Solving Model Prediction Errors: A Comprehensive Bad‑Case Treatment Methodology

The author introduces a series of posts that share personal learning experiences and a collection of over 50 000 words of past articles, inviting readers to explore the "bad case" treatment methodology.

Model Prediction Error Solutions

Model‑centric solutions are comfortable but often insufficient because many errors stem from data or system design rather than the model itself; thus, addressing prediction errors requires more than simply swapping models.

Sample Misleading

When training data contains strong lexical cues (e.g., the word "how" appears only in positive examples), the model will over‑rely on them. The remedy is to balance the dataset by adding counter‑examples so the model learns richer patterns.

Threshold Determination and Trade‑off

Thresholds act as admission criteria that balance precision and recall. Experiments with synthetic data illustrate how different thresholds affect these metrics, leading to a recommended operating point around 0.8 for search and dialogue scenarios.

Threshold

Precision

Recall

0.9

0.92

0.40

0.85

0.90

0.60

0.8

0.85

0.75

0.75

0.79

0.80

Without labeled data, practitioners must create their own annotations before applying the threshold strategy described in the earlier "cognitive" article.

Pre‑ and Post‑processing

Pre‑processing cleans input (e.g., removing greetings, specific names) to reduce noise, while post‑processing adjusts model scores (e.g., keyword weighting, entity constraints) to correct systematic errors that the model cannot learn.

Verification and Iteration

After each fix, the updated model is re‑evaluated on a validation set to confirm improvement, then the cycle repeats—identifying new bad cases, analyzing, and refining—forming a spiral of continuous optimization.

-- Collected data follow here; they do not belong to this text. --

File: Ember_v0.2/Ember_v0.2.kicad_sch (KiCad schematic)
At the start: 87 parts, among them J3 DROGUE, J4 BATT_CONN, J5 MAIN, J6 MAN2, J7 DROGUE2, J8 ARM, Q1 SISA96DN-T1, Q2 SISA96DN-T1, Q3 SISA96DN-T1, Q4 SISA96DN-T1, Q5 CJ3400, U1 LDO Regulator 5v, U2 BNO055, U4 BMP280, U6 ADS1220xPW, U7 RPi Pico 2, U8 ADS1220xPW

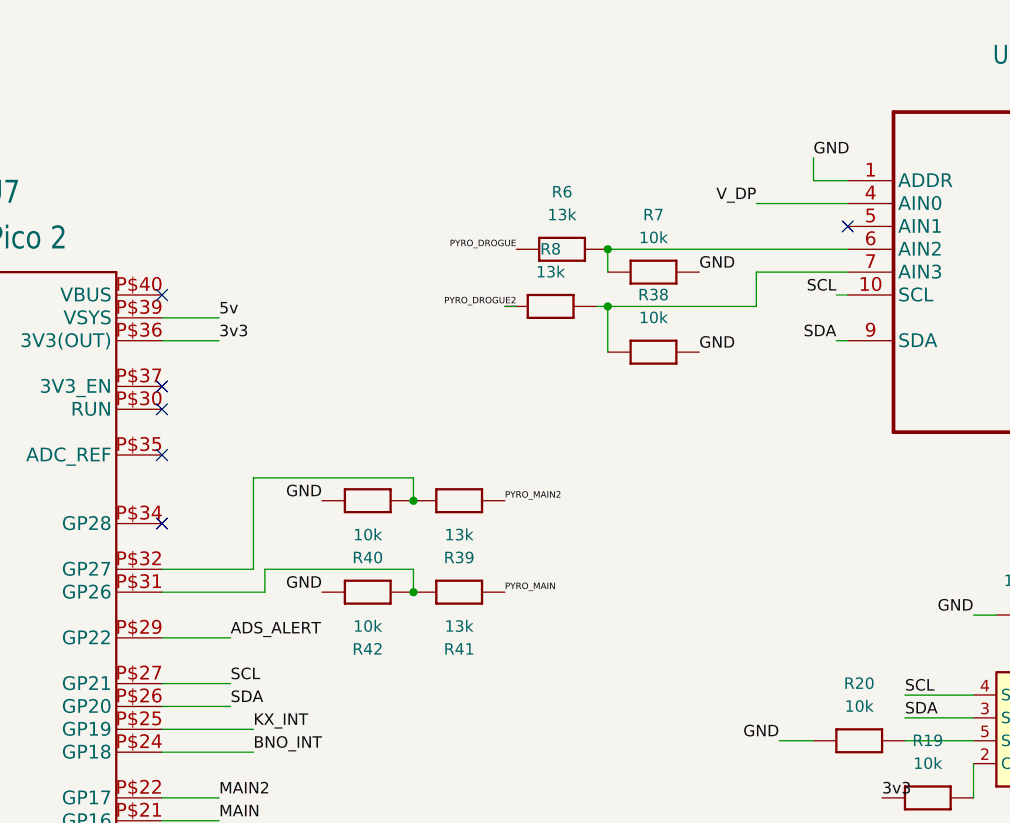
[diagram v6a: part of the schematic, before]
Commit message: Some changes on V0.2 layout
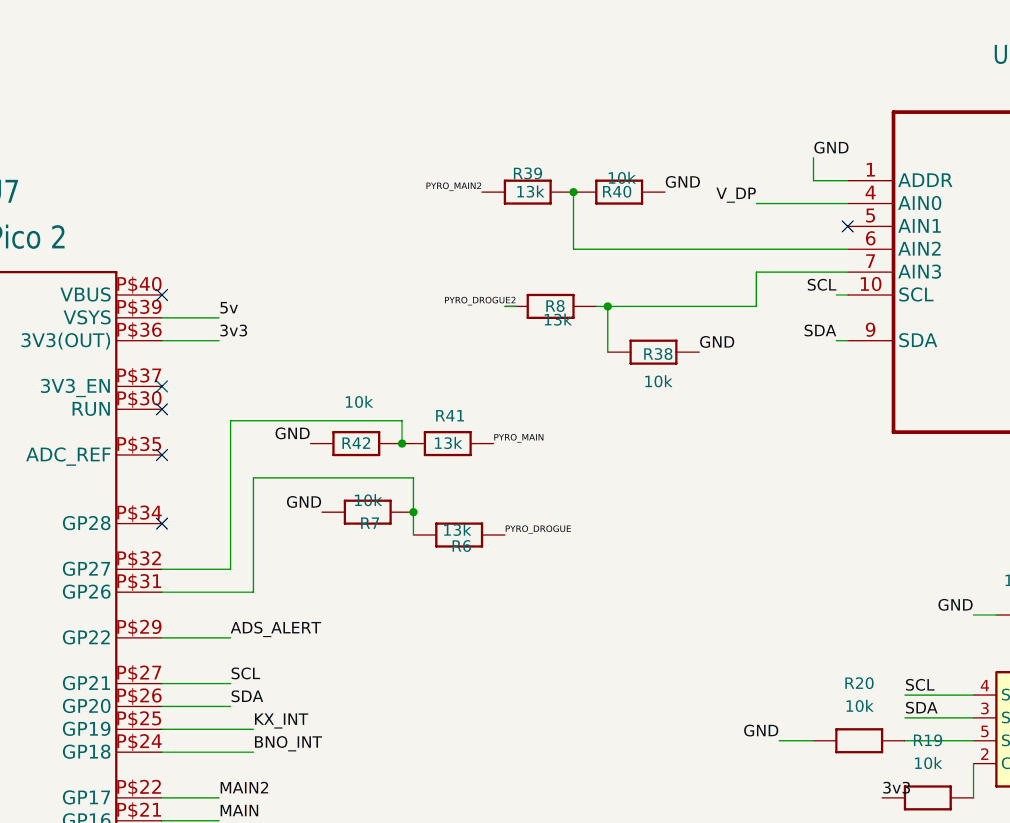
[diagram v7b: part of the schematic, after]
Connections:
- net at R39.2, R40.1: now also U5.6 (AIN2); no longer U7.P$32 (GP27)
- net at R41.2, R42.1: now also U7.P$32 (GP27); no longer U7.P$31 (GP26)
- net at R6.2, R7.1: now also U7.P$31 (GP26); no longer U5.6 (AIN2)
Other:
- moved on the sheet: R39, R40, R41, R42, R6, R7

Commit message: board route almost complete
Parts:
- added 11111111111111111, 12111111111111111: ~, microbuilder:MOUNTINGHOLE_3.0_PLATED, symbol microbuilder:MOUNTINGHOLE
- added JP6: ~, microbuilder:1X02_OVAL, symbol microbuilder:HEADER-1X2
- added Q6: SISA96DN-T1, SISA96DN-T1-GE3:SIS862DNT1GE3, symbol SISA96DN-T1-GE3:SISA96DN-T1-GE3
- added R23: 33k, microbuilder:0603, symbol microbuilder:RESISTOR0603
- added R24: 1k, microbuilder:0603, symbol microbuilder:RESISTOR0603
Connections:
- net GND: now also Q6.1 (S_1), Q6.2 (S_2), Q6.3 (S_3), R23.2
- net V_BATT: now also JP6.2
- net CAM: now reaches U7.P$5 (GP3)
- net CAM: now also R24.1
- new net: Q6.4 (G), R23.1, R24.2
- new net CAM_OUT: JP6.1, Q6.10 (D_6), Q6.11 (D_7), Q6.5 (D_1), Q6.6 (D_2), Q6.7 (D_3), Q6.8 (D_4), Q6.9 (D_5)
- no-connect marks 18 -> 17
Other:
- moved on the sheet: Q1, Q2, Q3, Q4, R28, R29, R30, R31, R32, R33, R4, R5

Problem Exposure and Transfer

Fixing one issue can reveal hidden problems; as core issues are resolved, secondary issues become more prominent, requiring ongoing analysis.

When to Change the Model

Model replacement is justified only when the current approach hits a performance ceiling, evidenced by numerous scattered bad cases that cannot be unified by rule‑based fixes; at that point, exploring a new architecture may be necessary.

Conclusion

The four‑part series, totaling nearly 10 000 words, outlines a complete workflow—from locating and analyzing bad cases to implementing solutions—providing a disciplined methodology that helps avoid missed steps and ensures systematic improvement of NLP and search models.